# "Sugar Bug" Vein



## mommaBskahan (Jun 20, 2013)

My DS just turned 7 months and the vein on the bridge of his nose seems to be getting darker. Doc keeps reassuring me that it will fade, but I can't help obsessing about it. I know it's very common and that I should just be thankful for a beautiful, healthy baby, but it bothers me!







If your LO had this vein, when did it start to fade? I really just worry that he'll be teased by other kids if it's still there when he starts K. Also, if your babe did have it&#8230; Were they diagnosed with a murmur?
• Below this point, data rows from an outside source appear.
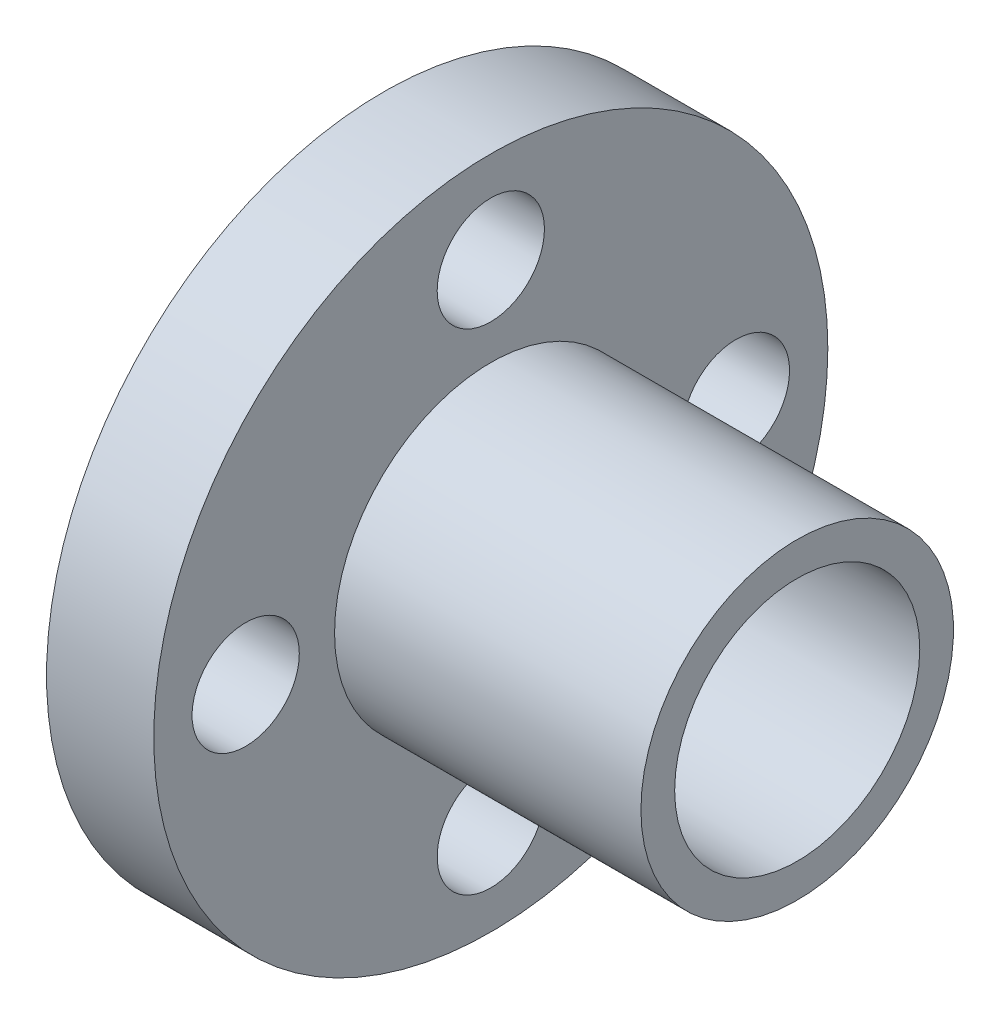
from build123d import *

# Parameters (mm, degrees)
SKETCH_1_R               = 11
EXTRUDE_1_DEPTH          = 3.5
EXTRUDE_2_DEPTH          = 1.5
EXTRUDE_2_DEPTH_BACK     = 13.5
SKETCH_2_R               = 5.1
SKETCH_3_R               = 4
CUT_EXTRUDE_1_DEPTH      = 22.610182785
SKETCH_4_R               = 1.75
CUT_EXTRUDE_2_DEPTH      = 21.597329924
PATTERN_CIRCULAR_1_COUNT = 4


with BuildPart() as part:
    # 草图1 → 凸台-拉伸1 (new body)
    with BuildSketch(Plane(origin=(0, 0, 0), x_dir=(0, 0, -1), z_dir=(1, 0, 0))):
        Circle(SKETCH_1_R)
    extrude(amount=EXTRUDE_1_DEPTH)

    # 草图2 → 凸台-拉伸2 (add, two sides: drawn at the far end of the back side and taken through both)
    with BuildSketch(Plane.ZY.offset(-EXTRUDE_2_DEPTH_BACK)):
        Circle(SKETCH_2_R)
    extrude(amount=EXTRUDE_2_DEPTH + EXTRUDE_2_DEPTH_BACK)

    # 草图3 → 切除-拉伸1 (cut, through all)
    with BuildSketch(Plane.ZY.offset(1.5)):
        Circle(SKETCH_3_R)
    extrude(amount=-CUT_EXTRUDE_1_DEPTH, mode=Mode.SUBTRACT)

    # 草图4 → 切除-拉伸2 (cut, through all)
    with BuildSketch(Plane.ZY):
        with Locations((0, 8)):
            Circle(SKETCH_4_R)
    cut_extrude_2 = extrude(amount=-CUT_EXTRUDE_2_DEPTH, mode=Mode.SUBTRACT)

    # 阵列(圆周)1: 切除-拉伸2 ×4 about axis
    pattern_circular_1_axis = Axis((0, 0, 0), (1, 0, 0))
    for i in range(1, PATTERN_CIRCULAR_1_COUNT):
        add(cut_extrude_2.rotate(pattern_circular_1_axis, i * 360 / PATTERN_CIRCULAR_1_COUNT), mode=Mode.SUBTRACT)


solid = part.part

I read something about a possible connection and my boy does have an "innocent" murmur.

Thanks!


----------



## LLQ1011 (Mar 28, 2012)

mine has one above his eye and it is still pretty dark at 18 months


----------



## Zirconia (May 13, 2012)

This is so fascinating! My 18-month-old had one, but I can't remember the last time I noticed it - either it's gone or has just been eclipsed by all the bumps, scrapes, and toddler battle scars. 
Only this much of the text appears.